What do you mean? It means the leadership thinks "we are ready," but the middle and frontline levels think "what are you ready for?"

Deloitte calls this a "disconnect between strategic and operational readiness." To put it another way: it's when the PPT is ready, but the production line isn't.

Bain's report confirms the same assessment. They found that 44% of companies are using "expected AI savings" to support new AI investments—first assuming how much money AI can save, then using that assumption to apply for the next budget. Once this cycle is established, no one dares to stop and ask: Did the previous investment actually save any money?

Bain report original statement: The technology works, but the value hasn't arrived. The root of the problem is not the model, but the organization.

KPMG's manufacturing data has concretized this "organizational issue."

SceneLanding effectInstructions
AI quality inspection of automotive partsDefect detection rate 92% → 99.7%The effect is significant, but when scaling to the third production line, we encountered inconsistent data standards.
AI energy consumption optimization for chemical enterprisesUnit energy consumption decreased by 8.3%Effective for a single site, but differences in process parameters when replicating across factories require model reconstruction.
Electronic Manufacturing AI SchedulingChangeover time reduced by 42%Most effective, but relies on digitizing the experienced master's knowledge — this step is the slowest

What do these cases have in common? The technology has succeeded in individual points, but the bottleneck for large-scale replication lies not in model accuracy, but in data governance, whether the experience of veteran workers can be structured, and whether systems across different factories can be aligned.

89% of manufacturing executives believe that "managing AI agents" will be the most essential workplace skill within five years. I think this number is more informative when read in reverse—today, only a very small number of companies actually have people who know how to manage AI.

Three Operational Suggestions for CIOs

After reading the three reports, I summarize three judgments that are directly useful for enterprise digital leaders:

First, answer the question "Did it save money?" before talking about "transformation." Bain's data is very clear—only 4% of companies saved more than 30%. If you haven't reached this threshold, don't rush to tell the story of "AI-driven business restructuring." First, run a specific, quantifiable cost-saving scenario. How much labor did intelligent quality inspection save? How much line changeover time did scheduling reduce? Nail this number to the wall before applying for the next budget.

Second, data governance is not about "finishing it first, then applying AI," but about "paying off debts while building." KPMG's report shows 83% claim data is OK, but 76% say data is a bottleneck — indicating that most companies are not engaging in true data governance, but rather data bookkeeping.

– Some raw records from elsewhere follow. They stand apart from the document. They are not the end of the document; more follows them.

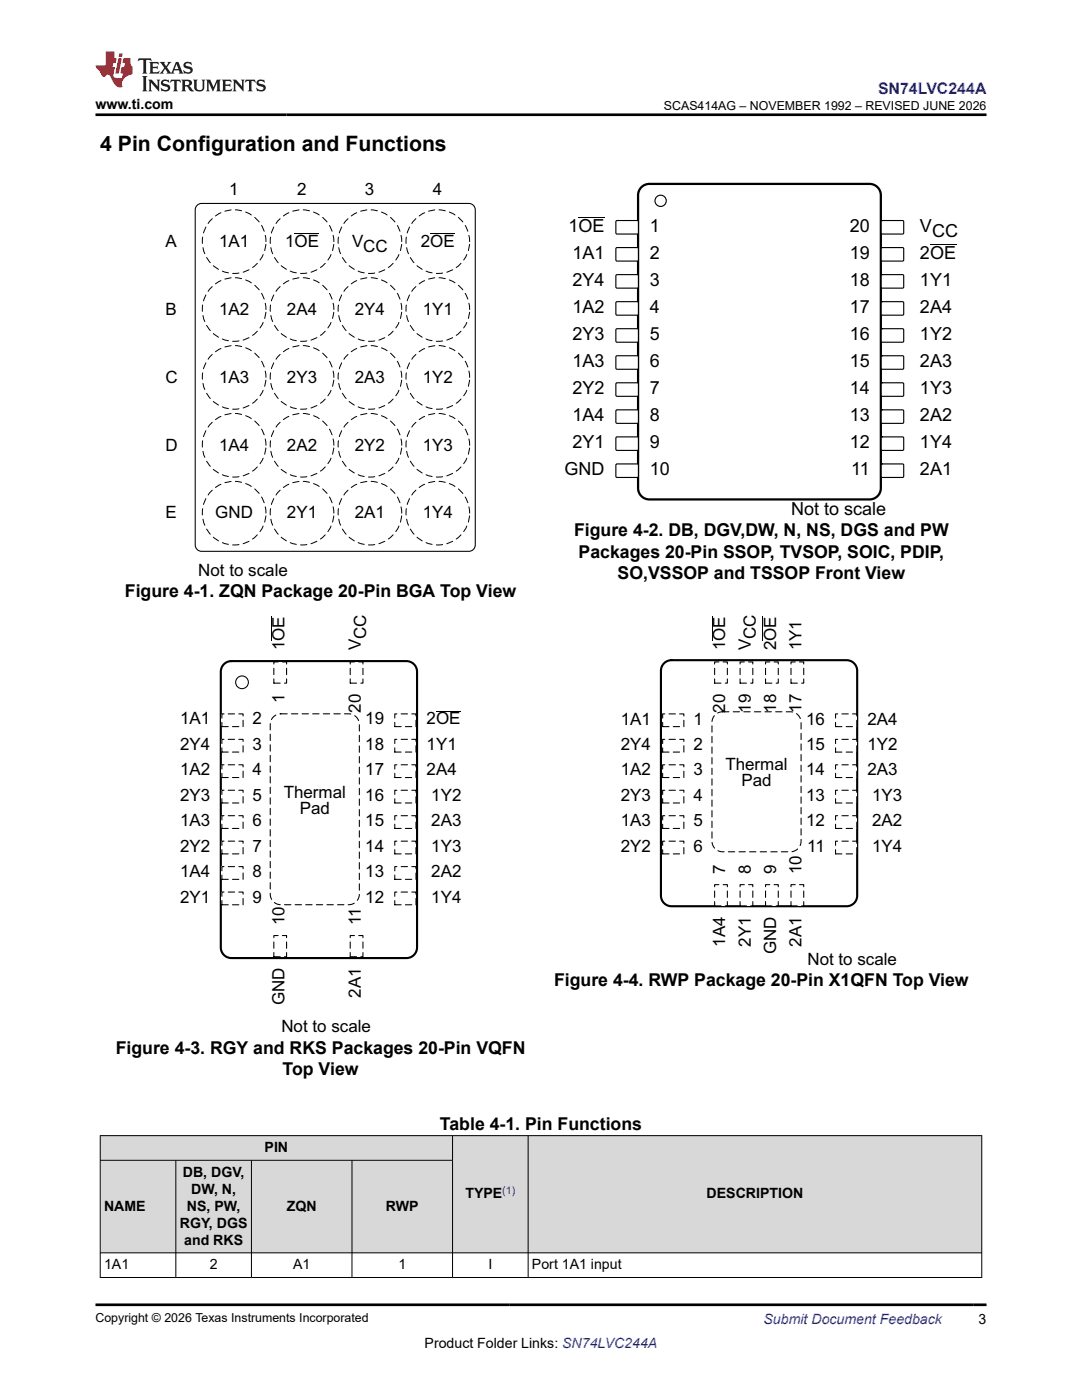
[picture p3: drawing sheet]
<svg xmlns="http://www.w3.org/2000/svg" width="216mm" height="279mm" viewBox="0 0 216 279" stroke-linecap="round" stroke-linejoin="round" font-family="sans-serif">
<path d="M39.2 41.1l.6-.4 .4-.1h53.4a1.27 1.27 0 0 1 1.2 1.3v66.9a1.27 1.27 0 0 1-1.2 1.2h-53.4a1.27 1.27 0 0 1-1.2-1.2v-66.9z" fill="none" stroke="#000" stroke-width=".21"/>
<circle cx="46.7" cy="48.2" r="6.4" fill="#fff"/>
<circle cx="46.7" cy="48.2" r="6.4" fill="none" stroke="#000" stroke-width=".2" stroke-dasharray="1.3 .8"/>
<circle cx="60.3" cy="48.2" r="6.4" fill="#fff"/>
<circle cx="60.3" cy="48.2" r="6.4" fill="none" stroke="#000" stroke-width=".2" stroke-dasharray="1.3 .8"/>
<path d="M58.8 46.6h4.9" fill="none" stroke="#000" stroke-width=".2"/>
<circle cx="73.8" cy="48.2" r="6.4" fill="#fff"/>
<circle cx="73.8" cy="48.2" r="6.4" fill="none" stroke="#000" stroke-width=".2" stroke-dasharray="1.3 .8"/>
<circle cx="87.4" cy="48.2" r="6.4" fill="#fff"/>
<circle cx="87.4" cy="48.2" r="6.4" fill="none" stroke="#000" stroke-width=".2" stroke-dasharray="1.3 .8"/>
<path d="M85.9 46.6h4.8" fill="none" stroke="#000" stroke-width=".2"/>
<circle cx="46.7" cy="61.8" r="6.4" fill="#fff"/>
<circle cx="46.7" cy="61.8" r="6.4" fill="none" stroke="#000" stroke-width=".2" stroke-dasharray="1.3 .8"/>
<circle cx="60.3" cy="61.8" r="6.4" fill="#fff"/>
<circle cx="60.3" cy="61.8" r="6.4" fill="none" stroke="#000" stroke-width=".2" stroke-dasharray="1.3 .8"/>
<circle cx="73.8" cy="61.8" r="6.4" fill="#fff"/>
<circle cx="73.8" cy="61.8" r="6.4" fill="none" stroke="#000" stroke-width=".2" stroke-dasharray="1.3 .8"/>
<circle cx="87.4" cy="61.8" r="6.4" fill="#fff"/>
<circle cx="87.4" cy="61.8" r="6.4" fill="none" stroke="#000" stroke-width=".2" stroke-dasharray="1.3 .8"/>
<circle cx="46.7" cy="75.3" r="6.4" fill="#fff"/>
<circle cx="46.7" cy="75.3" r="6.4" fill="none" stroke="#000" stroke-width=".2" stroke-dasharray="1.3 .8"/>
<circle cx="60.3" cy="75.3" r="6.4" fill="#fff"/>
<circle cx="60.3" cy="75.3" r="6.4" fill="none" stroke="#000" stroke-width=".2" stroke-dasharray="1.3 .8"/>
<circle cx="73.8" cy="75.3" r="6.4" fill="#fff"/>
<circle cx="73.8" cy="75.3" r="6.4" fill="none" stroke="#000" stroke-width=".2" stroke-dasharray="1.3 .8"/>
<circle cx="87.4" cy="75.3" r="6.4" fill="#fff"/>
<circle cx="87.4" cy="75.3" r="6.4" fill="none" stroke="#000" stroke-width=".2" stroke-dasharray="1.3 .8"/>
<circle cx="46.7" cy="88.9" r="6.4" fill="#fff"/>
<circle cx="46.7" cy="88.9" r="6.4" fill="none" stroke="#000" stroke-width=".2" stroke-dasharray="1.3 .8"/>
<circle cx="60.3" cy="88.9" r="6.4" fill="#fff"/>
<circle cx="60.3" cy="88.9" r="6.4" fill="none" stroke="#000" stroke-width=".2" stroke-dasharray="1.3 .8"/>
<circle cx="73.8" cy="88.9" r="6.4" fill="#fff"/>
<circle cx="73.8" cy="88.9" r="6.4" fill="none" stroke="#000" stroke-width=".2" stroke-dasharray="1.3 .8"/>
<circle cx="87.4" cy="88.9" r="6.4" fill="#fff"/>
<circle cx="87.4" cy="88.9" r="6.4" fill="none" stroke="#000" stroke-width=".2" stroke-dasharray="1.3 .8"/>
<circle cx="46.7" cy="102.4" r="6.4" fill="#fff"/>
<circle cx="46.7" cy="102.4" r="6.4" fill="none" stroke="#000" stroke-width=".2" stroke-dasharray="1.3 .8"/>
<circle cx="60.3" cy="102.4" r="6.4" fill="#fff"/>
<circle cx="60.3" cy="102.4" r="6.4" fill="none" stroke="#000" stroke-width=".2" stroke-dasharray="1.3 .8"/>
<circle cx="73.8" cy="102.4" r="6.4" fill="#fff"/>
<circle cx="73.8" cy="102.4" r="6.4" fill="none" stroke="#000" stroke-width=".2" stroke-dasharray="1.3 .8"/>
<circle cx="87.4" cy="102.4" r="6.4" fill="#fff"/>
<circle cx="87.4" cy="102.4" r="6.4" fill="none" stroke="#000" stroke-width=".2" stroke-dasharray="1.3 .8"/>
<circle cx="131.8" cy="40.1" r="1.12" fill="none" stroke="#000" stroke-width=".22"/>
<path d="M128 37.4l1-.6 .6-.1h43.9a2.25 2.25 0 0 1 2.3 2.3v58.4a2.25 2.25 0 0 1-2.3 2.3h-43.9a2.25 2.25 0 0 1-2.3-2.3v-58.4l.1-.6z" fill="none" stroke="#000" stroke-width=".45"/>
<path d="M123 44.1h4.3v2.5h-4.3z" fill-rule="evenodd" fill="#fff"/>
<path d="M123 44.1h4.3v2.5h-4.3z" fill="none" stroke="#000" stroke-width=".22"/>
<path d="M115.4 43.5h5.2" fill="none" stroke="#000" stroke-width=".2"/>
<path d="M175.9 44.1h4.4v2.5h-4.4z" fill-rule="evenodd" fill="#fff"/>
<path d="M175.9 44.1h4.4v2.5h-4.4z" fill="none" stroke="#000" stroke-width=".22"/>
<path d="M123 49.5h4.3v2.5h-4.3z" fill-rule="evenodd" fill="#fff"/>
<path d="M123 49.5h4.3v2.5h-4.3z" fill="none" stroke="#000" stroke-width=".22"/>
<path d="M175.9 49.5h4.4v2.5h-4.4z" fill-rule="evenodd" fill="#fff"/>
<path d="M175.9 49.5h4.4v2.5h-4.4z" fill="none" stroke="#000" stroke-width=".22"/>
<path d="M185.6 48.9h5.2" fill="none" stroke="#000" stroke-width=".2"/>
<path d="M123 54.9h4.3v2.5h-4.3z" fill-rule="evenodd" fill="#fff"/>
<path d="M123 54.9h4.3v2.5h-4.3z" fill="none" stroke="#000" stroke-width=".22"/>
<path d="M175.9 54.9h4.4v2.5h-4.4z" fill-rule="evenodd" fill="#fff"/>
<path d="M175.9 54.9h4.4v2.5h-4.4z" fill="none" stroke="#000" stroke-width=".22"/>
<path d="M123 60.3h4.3v2.5h-4.3z" fill-rule="evenodd" fill="#fff"/>
<path d="M123 60.3h4.3v2.5h-4.3z" fill="none" stroke="#000" stroke-width=".22"/>
<path d="M175.9 60.3h4.4v2.5h-4.4z" fill-rule="evenodd" fill="#fff"/>
<path d="M175.9 60.3h4.4v2.5h-4.4z" fill="none" stroke="#000" stroke-width=".22"/>
<path d="M123 65.7h4.3v2.5h-4.3z" fill-rule="evenodd" fill="#fff"/>
<path d="M123 65.7h4.3v2.5h-4.3z" fill="none" stroke="#000" stroke-width=".22"/>
<path d="M175.9 65.7h4.4v2.5h-4.4z" fill-rule="evenodd" fill="#fff"/>
<path d="M175.9 65.7h4.4v2.5h-4.4z" fill="none" stroke="#000" stroke-width=".22"/>
<path d="M123 71.1h4.3v2.5h-4.3z" fill-rule="evenodd" fill="#fff"/>
<path d="M123 71.1h4.3v2.5h-4.3z" fill="none" stroke="#000" stroke-width=".22"/>
<path d="M175.9 71.1h4.4v2.5h-4.4z" fill-rule="evenodd" fill="#fff"/>
<path d="M175.9 71.1h4.4v2.5h-4.4z" fill="none" stroke="#000" stroke-width=".22"/>
<path d="M123 76.5h4.3v2.5h-4.3z" fill-rule="evenodd" fill="#fff"/>
<path d="M123 76.5h4.3v2.5h-4.3z" fill="none" stroke="#000" stroke-width=".22"/>
<path d="M175.9 76.5h4.4v2.5h-4.4z" fill-rule="evenodd" fill="#fff"/>
<path d="M175.9 76.5h4.4v2.5h-4.4z" fill="none" stroke="#000" stroke-width=".22"/>
<path d="M123 81.9h4.3v2.5h-4.3z" fill-rule="evenodd" fill="#fff"/>
<path d="M123 81.9h4.3v2.5h-4.3z" fill="none" stroke="#000" stroke-width=".22"/>
<path d="M175.9 81.9h4.4v2.5h-4.4z" fill-rule="evenodd" fill="#fff"/>
<path d="M175.9 81.9h4.4v2.5h-4.4z" fill="none" stroke="#000" stroke-width=".22"/>
<path d="M123 87.3h4.3v2.5h-4.3z" fill-rule="evenodd" fill="#fff"/>
<path d="M123 87.3h4.3v2.5h-4.3z" fill="none" stroke="#000" stroke-width=".22"/>
<path d="M175.9 87.3h4.4v2.5h-4.4z" fill-rule="evenodd" fill="#fff"/>
<path d="M175.9 87.3h4.4v2.5h-4.4z" fill="none" stroke="#000" stroke-width=".22"/>
<path d="M123 92.7h4.3v2.5h-4.3z" fill-rule="evenodd" fill="#fff"/>
<path d="M123 92.7h4.3v2.5h-4.3z" fill="none" stroke="#000" stroke-width=".22"/>
<path d="M175.9 92.7h4.4v2.5h-4.4z" fill-rule="evenodd" fill="#fff"/>
<path d="M175.9 92.7h4.4v2.5h-4.4z" fill="none" stroke="#000" stroke-width=".22"/>
<circle cx="48.3" cy="136.2" r="1.27" fill="none" stroke="#000" stroke-width=".21"/>
<path d="M44.7 132.6l.9-.6 .6-.1h34.9a2.12 2.12 0 0 1 2.1 2.2v55a2.12 2.12 0 0 1-2.1 2.1h-34.9a2.12 2.12 0 0 1-2.1-2.1v-55v-.6z" fill="none" stroke="#000" stroke-width=".42"/>
<path d="M54.5 143.1l1-.6h.5h13.6a2.12 2.12 0 0 1 2.1 2.1v33.8a2.12 2.12 0 0 1-2.1 2.2h-13.6a2.12 2.12 0 0 1-2.1-2.2v-33.8l.1-.6z" fill="none" stroke="#000" stroke-width=".21" stroke-dasharray="1.3 .8"/>
<path d="M44.3 142.5h4.2v2.5h-4.2z" fill-rule="evenodd" fill="#fff"/>
<path d="M44.3 142.5h4.2v2.5h-4.2z" fill="none" stroke="#000" stroke-width=".21" stroke-dasharray="1.3 .8"/>
<path d="M44.3 147.6h4.2v2.5h-4.2z" fill-rule="evenodd" fill="#fff"/>
<path d="M44.3 147.6h4.2v2.5h-4.2z" fill="none" stroke="#000" stroke-width=".21" stroke-dasharray="1.3 .8"/>
<path d="M44.3 152.6h4.2v2.6h-4.2z" fill-rule="evenodd" fill="#fff"/>
<path d="M44.3 152.6h4.2v2.6h-4.2z" fill="none" stroke="#000" stroke-width=".21" stroke-dasharray="1.3 .8"/>
<path d="M44.3 157.7h4.2v2.6h-4.2z" fill-rule="evenodd" fill="#fff"/>
<path d="M44.3 157.7h4.2v2.6h-4.2z" fill="none" stroke="#000" stroke-width=".21" stroke-dasharray="1.3 .8"/>
<path d="M44.3 162.8h4.2v2.5h-4.2z" fill-rule="evenodd" fill="#fff"/>
<path d="M44.3 162.8h4.2v2.5h-4.2z" fill="none" stroke="#000" stroke-width=".21" stroke-dasharray="1.3 .8"/>
<path d="M44.3 167.9h4.2v2.5h-4.2z" fill-rule="evenodd" fill="#fff"/>
<path d="M44.3 167.9h4.2v2.5h-4.2z" fill="none" stroke="#000" stroke-width=".21" stroke-dasharray="1.3 .8"/>
<path d="M44.3 173h4.2v2.5h-4.2z" fill-rule="evenodd" fill="#fff"/>
<path d="M44.3 173h4.2v2.5h-4.2z" fill="none" stroke="#000" stroke-width=".21" stroke-dasharray="1.3 .8"/>
<path d="M44.3 178h4.2v2.6h-4.2z" fill-rule="evenodd" fill="#fff"/>
<path d="M44.3 178h4.2v2.6h-4.2z" fill="none" stroke="#000" stroke-width=".21" stroke-dasharray="1.3 .8"/>
<path d="M54.6 186.7h2.6v4.2h-2.6z" fill-rule="evenodd" fill="#fff"/>
<path d="M54.6 186.7h2.6v4.2h-2.6z" fill="none" stroke="#000" stroke-width=".21" stroke-dasharray="1.3 .8"/>
<path d="M69.9 186.7h2.5v4.2h-2.5z" fill-rule="evenodd" fill="#fff"/>
<path d="M69.9 186.7h2.5v4.2h-2.5z" fill="none" stroke="#000" stroke-width=".21" stroke-dasharray="1.3 .8"/>
<path d="M78.8 178h4.2v2.6h-4.2z" fill-rule="evenodd" fill="#fff"/>
<path d="M78.8 178h4.2v2.6h-4.2z" fill="none" stroke="#000" stroke-width=".21" stroke-dasharray="1.3 .8"/>
<path d="M78.8 173h4.2v2.5h-4.2z" fill-rule="evenodd" fill="#fff"/>
<path d="M78.8 173h4.2v2.5h-4.2z" fill="none" stroke="#000" stroke-width=".21" stroke-dasharray="1.3 .8"/>
<path d="M78.8 167.9h4.2v2.5h-4.2z" fill-rule="evenodd" fill="#fff"/>
<path d="M78.8 167.9h4.2v2.5h-4.2z" fill="none" stroke="#000" stroke-width=".21" stroke-dasharray="1.3 .8"/>
<path d="M78.8 162.8h4.2v2.5h-4.2z" fill-rule="evenodd" fill="#fff"/>
<path d="M78.8 162.8h4.2v2.5h-4.2z" fill="none" stroke="#000" stroke-width=".21" stroke-dasharray="1.3 .8"/>
<path d="M78.8 157.7h4.2v2.6h-4.2z" fill-rule="evenodd" fill="#fff"/>
<path d="M78.8 157.7h4.2v2.6h-4.2z" fill="none" stroke="#000" stroke-width=".21" stroke-dasharray="1.3 .8"/>
<path d="M78.8 152.6h4.2v2.6h-4.2z" fill-rule="evenodd" fill="#fff"/>
<path d="M78.8 152.6h4.2v2.6h-4.2z" fill="none" stroke="#000" stroke-width=".21" stroke-dasharray="1.3 .8"/>
<path d="M78.8 147.6h4.2v2.5h-4.2z" fill-rule="evenodd" fill="#fff"/>
<path d="M78.8 147.6h4.2v2.5h-4.2z" fill="none" stroke="#000" stroke-width=".21" stroke-dasharray="1.3 .8"/>
<path d="M78.8 142.5h4.2v2.5h-4.2z" fill-rule="evenodd" fill="#fff"/>
<path d="M78.8 142.5h4.2v2.5h-4.2z" fill="none" stroke="#000" stroke-width=".21" stroke-dasharray="1.3 .8"/>
<path d="M87 142h4.9" fill="none" stroke="#000" stroke-width=".2"/>
<path d="M69.9 132.1h2.5v4.2h-2.5z" fill-rule="evenodd" fill="#fff"/>
<path d="M69.9 132.1h2.5v4.2h-2.5z" fill="none" stroke="#000" stroke-width=".21" stroke-dasharray="1.3 .8"/>
<path d="M54.6 132.1h2.6v4.2h-2.6z" fill-rule="evenodd" fill="#fff"/>
<path d="M54.6 132.1h2.6v4.2h-2.6zM142.7 142.7l.9-.6h.6h13.5a2.12 2.12 0 0 1 2.1 2.1v23.7a2.12 2.12 0 0 1-2.1 2.1h-13.5a2.12 2.12 0 0 1-2.1-2.1v-23.7v-.6z" fill="none" stroke="#000" stroke-width=".21" stroke-dasharray="1.3 .8"/>
<path d="M54.1 123v4.9" fill="none" stroke="#000" stroke-width=".2"/>
<path d="M132.5 132.4l.9-.6h.6h34.9a2.12 2.12 0 0 1 2.1 2.1v44.8a2.12 2.12 0 0 1-2.1 2.2h-34.9a2.12 2.12 0 0 1-2.1-2.2v-44.8l.1-.6z" fill="none" stroke="#000" stroke-width=".42"/>
<path d="M132.2 142.5h4.3v2.5h-4.3z" fill-rule="evenodd" fill="#fff"/>
<path d="M132.2 142.5h4.3v2.5h-4.3z" fill="none" stroke="#000" stroke-width=".21" stroke-dasharray="1.3 .8"/>
<path d="M132.2 147.6h4.3v2.5h-4.3z" fill-rule="evenodd" fill="#fff"/>
<path d="M132.2 147.6h4.3v2.5h-4.3z" fill="none" stroke="#000" stroke-width=".21" stroke-dasharray="1.3 .8"/>
<path d="M132.2 152.6h4.3v2.6h-4.3z" fill-rule="evenodd" fill="#fff"/>
<path d="M132.2 152.6h4.3v2.6h-4.3z" fill="none" stroke="#000" stroke-width=".21" stroke-dasharray="1.3 .8"/>
<path d="M132.2 157.7h4.3v2.6h-4.3z" fill-rule="evenodd" fill="#fff"/>
<path d="M132.2 157.7h4.3v2.6h-4.3z" fill="none" stroke="#000" stroke-width=".21" stroke-dasharray="1.3 .8"/>
<path d="M132.2 162.8h4.3v2.5h-4.3z" fill-rule="evenodd" fill="#fff"/>
<path d="M132.2 162.8h4.3v2.5h-4.3z" fill="none" stroke="#000" stroke-width=".21" stroke-dasharray="1.3 .8"/>
<path d="M132.2 167.9h4.3v2.5h-4.3z" fill-rule="evenodd" fill="#fff"/>
<path d="M132.2 167.9h4.3v2.5h-4.3z" fill="none" stroke="#000" stroke-width=".21" stroke-dasharray="1.3 .8"/>
<path d="M142.6 176.6h2.5v4.2h-2.5z" fill-rule="evenodd" fill="#fff"/>
<path d="M142.6 176.6h2.5v4.2h-2.5z" fill="none" stroke="#000" stroke-width=".21" stroke-dasharray="1.3 .8"/>
<path d="M147.7 176.6h2.5v4.2h-2.5z" fill-rule="evenodd" fill="#fff"/>
<path d="M147.7 176.6h2.5v4.2h-2.5z" fill="none" stroke="#000" stroke-width=".21" stroke-dasharray="1.3 .8"/>
<path d="M152.8 176.6h2.5v4.2h-2.5z" fill-rule="evenodd" fill="#fff"/>
<path d="M152.8 176.6h2.5v4.2h-2.5z" fill="none" stroke="#000" stroke-width=".21" stroke-dasharray="1.3 .8"/>
<path d="M157.8 176.6h2.6v4.2h-2.6z" fill-rule="evenodd" fill="#fff"/>
<path d="M157.8 176.6h2.6v4.2h-2.6z" fill="none" stroke="#000" stroke-width=".21" stroke-dasharray="1.3 .8"/>
<path d="M166.7 167.9h4.3v2.5h-4.3z" fill-rule="evenodd" fill="#fff"/>
<path d="M166.7 167.9h4.3v2.5h-4.3z" fill="none" stroke="#000" stroke-width=".21" stroke-dasharray="1.3 .8"/>
<path d="M166.7 162.8h4.3v2.5h-4.3z" fill-rule="evenodd" fill="#fff"/>
<path d="M166.7 162.8h4.3v2.5h-4.3z" fill="none" stroke="#000" stroke-width=".21" stroke-dasharray="1.3 .8"/>
<path d="M166.7 157.7h4.3v2.6h-4.3z" fill-rule="evenodd" fill="#fff"/>
<path d="M166.7 157.7h4.3v2.6h-4.3z" fill="none" stroke="#000" stroke-width=".21" stroke-dasharray="1.3 .8"/>
<path d="M166.7 152.6h4.3v2.6h-4.3z" fill-rule="evenodd" fill="#fff"/>
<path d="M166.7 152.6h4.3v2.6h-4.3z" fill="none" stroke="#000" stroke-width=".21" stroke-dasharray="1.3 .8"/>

Issues such as unstandardized master data, disconnected real-time data streams, and inconsistent historical data formats will not automatically disappear just because a large model is purchased. For every AI scenario implemented, fixing a piece of the data pipeline along the way is the only realistic path.

Third, agent governance must be established now. Deloitte says only 20% of enterprises have mature agent governance models. This means 80% of enterprises are putting AI agents into business processes without rules to constrain them. This is not an exaggeration—IDC previously predicted that by 2028, there will be 1.3 billion AI agents running globally, and 88% of enterprises have already encountered agent security incidents. When it comes to governance, waiting until an incident occurs to establish it is too late.

Let me say something very straightforward: In 2026, the dividing line for enterprise AI is not "whether to use AI," but "whether you dare to clearly state how much money was spent and how much was saved." Three reports have already made it clear for you—most companies still don't dare to.